* Your task: Working from the records below, repeat exactly the lines starting at the line that contains "#37=DIRECTION('',(0.,0.,1.));" and ending at the line that contains "#49=AXIS2_PLACEMENT_3D('',#46,#47,#48);", inclusive.

The input below:

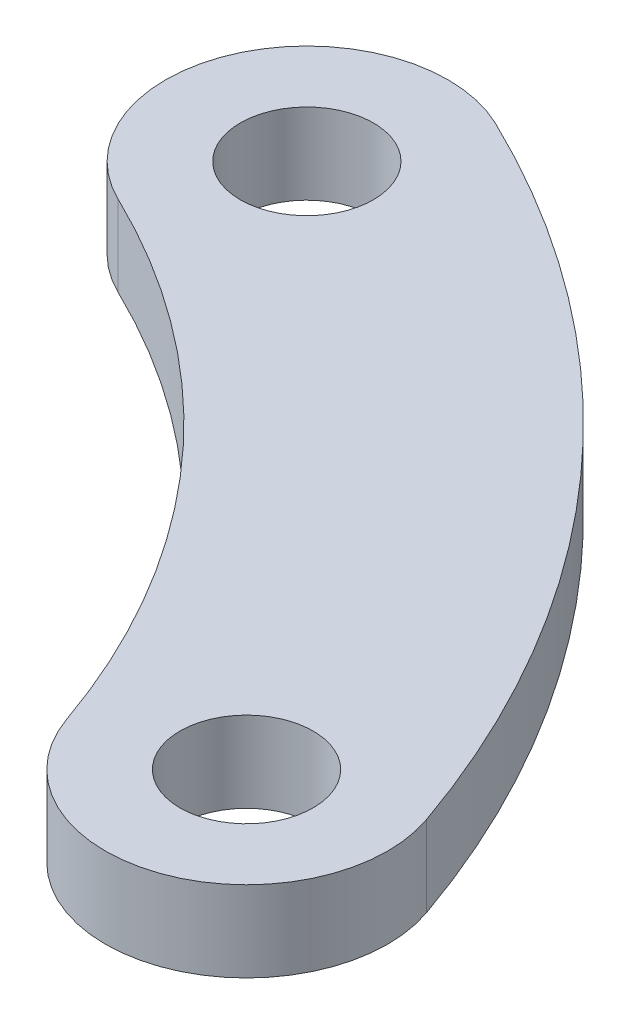
ISO-10303-21;
HEADER;
FILE_DESCRIPTION(('STEP AP214'),'2;1');
FILE_NAME('part.step','',(''),(''),'','','');
FILE_SCHEMA(('AUTOMOTIVE_DESIGN { 1 0 10303 214 1 1 1 1 }'));
ENDSEC;
DATA;
#1=APPLICATION_CONTEXT('core data for automotive mechanical design processes');
#2=APPLICATION_PROTOCOL_DEFINITION('international standard','automotive_design',2000,#1);
#3=PRODUCT_CONTEXT('',#1,'mechanical');
#4=PRODUCT('Part','Part','',(#3));
#5=PRODUCT_RELATED_PRODUCT_CATEGORY('part','',(#4));
#6=PRODUCT_DEFINITION_FORMATION('','',#4);
#7=PRODUCT_DEFINITION_CONTEXT('part definition',#1,'design');
#8=PRODUCT_DEFINITION('design','',#6,#7);
#9=PRODUCT_DEFINITION_SHAPE('','',#8);
#10=(LENGTH_UNIT() NAMED_UNIT(*) SI_UNIT(.MILLI.,.METRE.));
#11=(NAMED_UNIT(*) PLANE_ANGLE_UNIT() SI_UNIT($,.RADIAN.));
#12=(NAMED_UNIT(*) SI_UNIT($,.STERADIAN.) SOLID_ANGLE_UNIT());
#13=UNCERTAINTY_MEASURE_WITH_UNIT(LENGTH_MEASURE(1.E-05),#10,'distance_accuracy_value','');
#14=(GEOMETRIC_REPRESENTATION_CONTEXT(3) GLOBAL_UNCERTAINTY_ASSIGNED_CONTEXT((#13)) GLOBAL_UNIT_ASSIGNED_CONTEXT((#10,
#11,#12)) REPRESENTATION_CONTEXT('',''));
#15=CARTESIAN_POINT('',(0.,0.,0.));
#16=DIRECTION('',(0.,0.,1.));
#17=DIRECTION('',(1.,0.,0.));
#18=AXIS2_PLACEMENT_3D('',#15,#16,#17);
#19=CARTESIAN_POINT('',(11.4017185215984,4.,-3.97573134834832));
#20=DIRECTION('',(0.,1.,0.));
#21=DIRECTION('',(0.,0.,1.));
#22=AXIS2_PLACEMENT_3D('',#19,#20,#21);
#23=PLANE('',#22);
#24=CARTESIAN_POINT('',(10.5019317744189,4.,-21.7469981607911));
#25=DIRECTION('',(0.,1.,0.));
#26=DIRECTION('',(0.,0.,1.));
#27=AXIS2_PLACEMENT_3D('',#24,#25,#26);
#28=CIRCLE('',#27,1.65);
#29=CARTESIAN_POINT('',(10.5019317744189,4.,-20.0969981607911));
#30=VERTEX_POINT('',#29);
#31=EDGE_CURVE('E100',#30,#30,#28,.T.);
#32=ORIENTED_EDGE('',*,*,#31,.F.);
#33=EDGE_LOOP('',(#32));
#34=FACE_BOUND('',#33,.T.);
#35=CARTESIAN_POINT('',(22.8034370431968,4.,-7.95146269669664));
#36=DIRECTION('',(0.,1.,0.));
#37=DIRECTION('',(0.,0.,1.));
#38=AXIS2_PLACEMENT_3D('',#35,#36,#37);
#39=CIRCLE('',#38,3.5);
#40=CARTESIAN_POINT('',(19.4985910949074,4.,-6.79907679862466));
#41=VERTEX_POINT('',#40);
#42=CARTESIAN_POINT('',(26.1082829914862,4.,-9.10384859476862));
#43=VERTEX_POINT('',#42);
#44=EDGE_CURVE('E85',#41,#43,#39,.T.);
#45=ORIENTED_EDGE('',*,*,#44,.T.);
#46=CARTESIAN_POINT('',(0.,4.,0.));
#47=DIRECTION('',(0.,1.,0.));
#48=DIRECTION('',(0.,0.,1.));
#49=AXIS2_PLACEMENT_3D('',#46,#47,#48);
#50=CIRCLE('',#49,27.65);
#51=CARTESIAN_POINT('',(12.0239508721608,4.,-24.8987370246738));
#52=VERTEX_POINT('',#51);
#53=EDGE_CURVE('E80',#43,#52,#50,.T.);
#54=ORIENTED_EDGE('',*,*,#53,.T.);
#55=CARTESIAN_POINT('',(10.5019317744189,4.,-21.7469981607911));
#56=DIRECTION('',(0.,1.,0.));
#57=DIRECTION('',(0.,0.,1.));
#58=AXIS2_PLACEMENT_3D('',#55,#56,#57);
#59=CIRCLE('',#58,3.5);
#60=CARTESIAN_POINT('',(8.97991267667702,4.,-18.5952592969083));
#61=VERTEX_POINT('',#60);
#62=EDGE_CURVE('E83',#52,#61,#59,.T.);
#63=ORIENTED_EDGE('',*,*,#62,.T.);
#64=CARTESIAN_POINT('',(0.,4.,0.));
#65=DIRECTION('',(0.,-1.,0.));
#66=DIRECTION('',(0.,0.,1.));
#67=AXIS2_PLACEMENT_3D('',#64,#65,#66);
#68=CIRCLE('',#67,20.65);
#69=EDGE_CURVE('E50',#61,#41,#68,.T.);
#70=ORIENTED_EDGE('',*,*,#69,.T.);
#71=EDGE_LOOP('',(#45,#54,#63,#70));
#72=FACE_BOUND('',#71,.T.);
#73=CARTESIAN_POINT('',(22.8034370431968,4.,-7.95146269669664));
#74=DIRECTION('',(0.,1.,0.));
#75=DIRECTION('',(0.,0.,1.));
#76=AXIS2_PLACEMENT_3D('',#73,#74,#75);
#77=CIRCLE('',#76,1.65);
#78=CARTESIAN_POINT('',(22.8034370431968,4.,-6.30146269669664));
#79=VERTEX_POINT('',#78);
#80=EDGE_CURVE('E115',#79,#79,#77,.T.);
#81=ORIENTED_EDGE('',*,*,#80,.F.);
#82=EDGE_LOOP('',(#81));
#83=FACE_BOUND('',#82,.T.);
#84=ADVANCED_FACE('F33',(#34,#72,#83),#23,.T.);
#85=CARTESIAN_POINT('',(11.4017185215984,2.,-3.97573134834832));
#86=DIRECTION('',(0.,1.,0.));
#87=DIRECTION('',(0.,0.,1.));
#88=AXIS2_PLACEMENT_3D('',#85,#86,#87);
#89=PLANE('',#88);
#90=CARTESIAN_POINT('',(22.8034370431968,2.,-7.95146269669664));
#91=DIRECTION('',(0.,1.,0.));
#92=DIRECTION('',(0.,0.,1.));
#93=AXIS2_PLACEMENT_3D('',#90,#91,#92);
#94=CIRCLE('',#93,3.5);
#95=CARTESIAN_POINT('',(19.4985910949074,2.,-6.79907679862466));
#96=VERTEX_POINT('',#95);
#97=CARTESIAN_POINT('',(26.1082829914862,2.,-9.10384859476862));
#98=VERTEX_POINT('',#97);
#99=EDGE_CURVE('E97',#96,#98,#94,.T.);
#100=ORIENTED_EDGE('',*,*,#99,.F.);
#101=CARTESIAN_POINT('',(0.,2.,0.));
#102=DIRECTION('',(0.,-1.,0.));
#103=DIRECTION('',(0.,0.,1.));
#104=AXIS2_PLACEMENT_3D('',#101,#102,#103);
#105=CIRCLE('',#104,20.65);
#106=CARTESIAN_POINT('',(8.97991267667702,2.,-18.5952592969083));
#107=VERTEX_POINT('',#106);
#108=EDGE_CURVE('E73',#107,#96,#105,.T.);
#109=ORIENTED_EDGE('',*,*,#108,.F.);
#110=CARTESIAN_POINT('',(10.5019317744189,2.,-21.7469981607911));
#111=DIRECTION('',(0.,1.,0.));
#112=DIRECTION('',(0.,0.,1.));
#113=AXIS2_PLACEMENT_3D('',#110,#111,#112);
#114=CIRCLE('',#113,3.5);
#115=CARTESIAN_POINT('',(12.0239508721608,2.,-24.8987370246738));
#116=VERTEX_POINT('',#115);
#117=EDGE_CURVE('E67',#116,#107,#114,.T.);
#118=ORIENTED_EDGE('',*,*,#117,.F.);
#119=CARTESIAN_POINT('',(0.,2.,0.));
#120=DIRECTION('',(0.,1.,0.));
#121=DIRECTION('',(0.,0.,1.));
#122=AXIS2_PLACEMENT_3D('',#119,#120,#121);
#123=CIRCLE('',#122,27.65);
#124=EDGE_CURVE('E89',#98,#116,#123,.T.);
#125=ORIENTED_EDGE('',*,*,#124,.F.);
#126=EDGE_LOOP('',(#100,#109,#118,#125));
#127=FACE_BOUND('',#126,.T.);
#128=CARTESIAN_POINT('',(10.5019317744189,2.,-21.7469981607911));
#129=DIRECTION('',(0.,1.,0.));
#130=DIRECTION('',(0.,0.,1.));
#131=AXIS2_PLACEMENT_3D('',#128,#129,#130);
#132=CIRCLE('',#131,1.65);
#133=CARTESIAN_POINT('',(10.5019317744189,2.,-20.0969981607911));
#134=VERTEX_POINT('',#133);
#135=EDGE_CURVE('E112',#134,#134,#132,.T.);
#136=ORIENTED_EDGE('',*,*,#135,.T.);
#137=EDGE_LOOP('',(#136));
#138=FACE_BOUND('',#137,.T.);
#139=CARTESIAN_POINT('',(22.8034370431968,2.,-7.95146269669664));
#140=DIRECTION('',(0.,1.,0.));
#141=DIRECTION('',(0.,0.,1.));
#142=AXIS2_PLACEMENT_3D('',#139,#140,#141);
#143=CIRCLE('',#142,1.65);
#144=CARTESIAN_POINT('',(22.8034370431968,2.,-6.30146269669664));
#145=VERTEX_POINT('',#144);
#146=EDGE_CURVE('E118',#145,#145,#143,.T.);
#147=ORIENTED_EDGE('',*,*,#146,.T.);
#148=EDGE_LOOP('',(#147));
#149=FACE_BOUND('',#148,.T.);
#150=ADVANCED_FACE('F108',(#127,#138,#149),#89,.F.);
#151=CARTESIAN_POINT('',(22.8034370431968,4.,-7.95146269669664));
#152=DIRECTION('',(0.,-1.,0.));
#153=DIRECTION('',(0.,0.,-1.));
#154=AXIS2_PLACEMENT_3D('',#151,#152,#153);
#155=CYLINDRICAL_SURFACE('',#154,3.5);
#156=ORIENTED_EDGE('',*,*,#99,.T.);
#157=DIRECTION('',(0.,-1.,0.));
#158=VECTOR('',#157,1.);
#159=CARTESIAN_POINT('',(26.1082829914862,4.,-9.10384859476862));
#160=LINE('',#159,#158);
#161=EDGE_CURVE('E11',#43,#98,#160,.T.);
#162=ORIENTED_EDGE('',*,*,#161,.F.);
#163=ORIENTED_EDGE('',*,*,#44,.F.);
#164=DIRECTION('',(0.,-1.,0.));
#165=VECTOR('',#164,1.);
#166=CARTESIAN_POINT('',(19.4985910949074,4.,-6.79907679862466));
#167=LINE('',#166,#165);
#168=EDGE_CURVE('E93',#41,#96,#167,.T.);
#169=ORIENTED_EDGE('',*,*,#168,.T.);
#170=EDGE_LOOP('',(#156,#162,#163,#169));
#171=FACE_BOUND('',#170,.T.);
#172=ADVANCED_FACE('F35',(#171),#155,.T.);
#173=CARTESIAN_POINT('',(0.,4.,0.));
#174=DIRECTION('',(0.,-1.,0.));
#175=DIRECTION('',(0.,0.,-1.));
#176=AXIS2_PLACEMENT_3D('',#173,#174,#175);
#177=CYLINDRICAL_SURFACE('',#176,27.65);
#178=ORIENTED_EDGE('',*,*,#124,.T.);
#179=DIRECTION('',(0.,-1.,0.));
#180=VECTOR('',#179,1.);
#181=CARTESIAN_POINT('',(12.0239508721608,4.,-24.8987370246738));
#182=LINE('',#181,#180);
#183=EDGE_CURVE('E42',#52,#116,#182,.T.);
#184=ORIENTED_EDGE('',*,*,#183,.F.);
#185=ORIENTED_EDGE('',*,*,#53,.F.);
#186=ORIENTED_EDGE('',*,*,#161,.T.);
#187=EDGE_LOOP('',(#178,#184,#185,#186));
#188=FACE_BOUND('',#187,.T.);
#189=ADVANCED_FACE('F88',(#188),#177,.T.);
#190=CARTESIAN_POINT('',(10.5019317744189,4.,-21.7469981607911));
#191=DIRECTION('',(0.,-1.,0.));
#192=DIRECTION('',(0.,0.,-1.));
#193=AXIS2_PLACEMENT_3D('',#190,#191,#192);
#194=CYLINDRICAL_SURFACE('',#193,3.5);
#195=ORIENTED_EDGE('',*,*,#117,.T.);
#196=DIRECTION('',(0.,-1.,0.));
#197=VECTOR('',#196,1.);
#198=CARTESIAN_POINT('',(8.97991267667702,4.,-18.5952592969083));
#199=LINE('',#198,#197);
#200=EDGE_CURVE('E90',#61,#107,#199,.T.);
#201=ORIENTED_EDGE('',*,*,#200,.F.);
#202=ORIENTED_EDGE('',*,*,#62,.F.);
#203=ORIENTED_EDGE('',*,*,#183,.T.);
#204=EDGE_LOOP('',(#195,#201,#202,#203));
#205=FACE_BOUND('',#204,.T.);
#206=ADVANCED_FACE('F91',(#205),#194,.T.);
#207=CARTESIAN_POINT('',(0.,4.,0.));
#208=DIRECTION('',(0.,-1.,0.));
#209=DIRECTION('',(0.,0.,-1.));
#210=AXIS2_PLACEMENT_3D('',#207,#208,#209);
#211=CYLINDRICAL_SURFACE('',#210,20.65);
#212=ORIENTED_EDGE('',*,*,#108,.T.);
#213=ORIENTED_EDGE('',*,*,#168,.F.);
#214=ORIENTED_EDGE('',*,*,#69,.F.);
#215=ORIENTED_EDGE('',*,*,#200,.T.);
#216=EDGE_LOOP('',(#212,#213,#214,#215));
#217=FACE_BOUND('',#216,.T.);
#218=ADVANCED_FACE('F105',(#217),#211,.F.);
#219=CARTESIAN_POINT('',(10.5019317744189,4.,-21.7469981607911));
#220=DIRECTION('',(0.,-1.,0.));
#221=DIRECTION('',(0.,0.,-1.));
#222=AXIS2_PLACEMENT_3D('',#219,#220,#221);
#223=CYLINDRICAL_SURFACE('',#222,1.65);
#224=ORIENTED_EDGE('',*,*,#31,.T.);
#225=EDGE_LOOP('',(#224));
#226=FACE_BOUND('',#225,.T.);
#227=ORIENTED_EDGE('',*,*,#135,.F.);
#228=EDGE_LOOP('',(#227));
#229=FACE_BOUND('',#228,.T.);
#230=ADVANCED_FACE('F135',(#226,#229),#223,.F.);
#231=CARTESIAN_POINT('',(22.8034370431968,4.,-7.95146269669664));
#232=DIRECTION('',(0.,-1.,0.));
#233=DIRECTION('',(0.,0.,-1.));
#234=AXIS2_PLACEMENT_3D('',#231,#232,#233);
#235=CYLINDRICAL_SURFACE('',#234,1.65);
#236=ORIENTED_EDGE('',*,*,#80,.T.);
#237=EDGE_LOOP('',(#236));
#238=FACE_BOUND('',#237,.T.);
#239=ORIENTED_EDGE('',*,*,#146,.F.);
#240=EDGE_LOOP('',(#239));
#241=FACE_BOUND('',#240,.T.);
#242=ADVANCED_FACE('F124',(#238,#241),#235,.F.);
#243=CLOSED_SHELL('',(#84,#150,#172,#189,#206,#218,#230,#242));
#244=MANIFOLD_SOLID_BREP('B2',#243);
#245=ADVANCED_BREP_SHAPE_REPRESENTATION('',(#18,#244),#14);
#246=SHAPE_DEFINITION_REPRESENTATION(#9,#245);
ENDSEC;
END-ISO-10303-21;

End of The input.

* Result:
#37=DIRECTION('',(0.,0.,1.));
#38=AXIS2_PLACEMENT_3D('',#35,#36,#37);
#39=CIRCLE('',#38,3.5);
#40=CARTESIAN_POINT('',(19.4985910949074,4.,-6.79907679862466));
#41=VERTEX_POINT('',#40);
#42=CARTESIAN_POINT('',(26.1082829914862,4.,-9.10384859476862));
#43=VERTEX_POINT('',#42);
#44=EDGE_CURVE('E85',#41,#43,#39,.T.);
#45=ORIENTED_EDGE('',*,*,#44,.T.);
#46=CARTESIAN_POINT('',(0.,4.,0.));
#47=DIRECTION('',(0.,1.,0.));
#48=DIRECTION('',(0.,0.,1.));
#49=AXIS2_PLACEMENT_3D('',#46,#47,#48);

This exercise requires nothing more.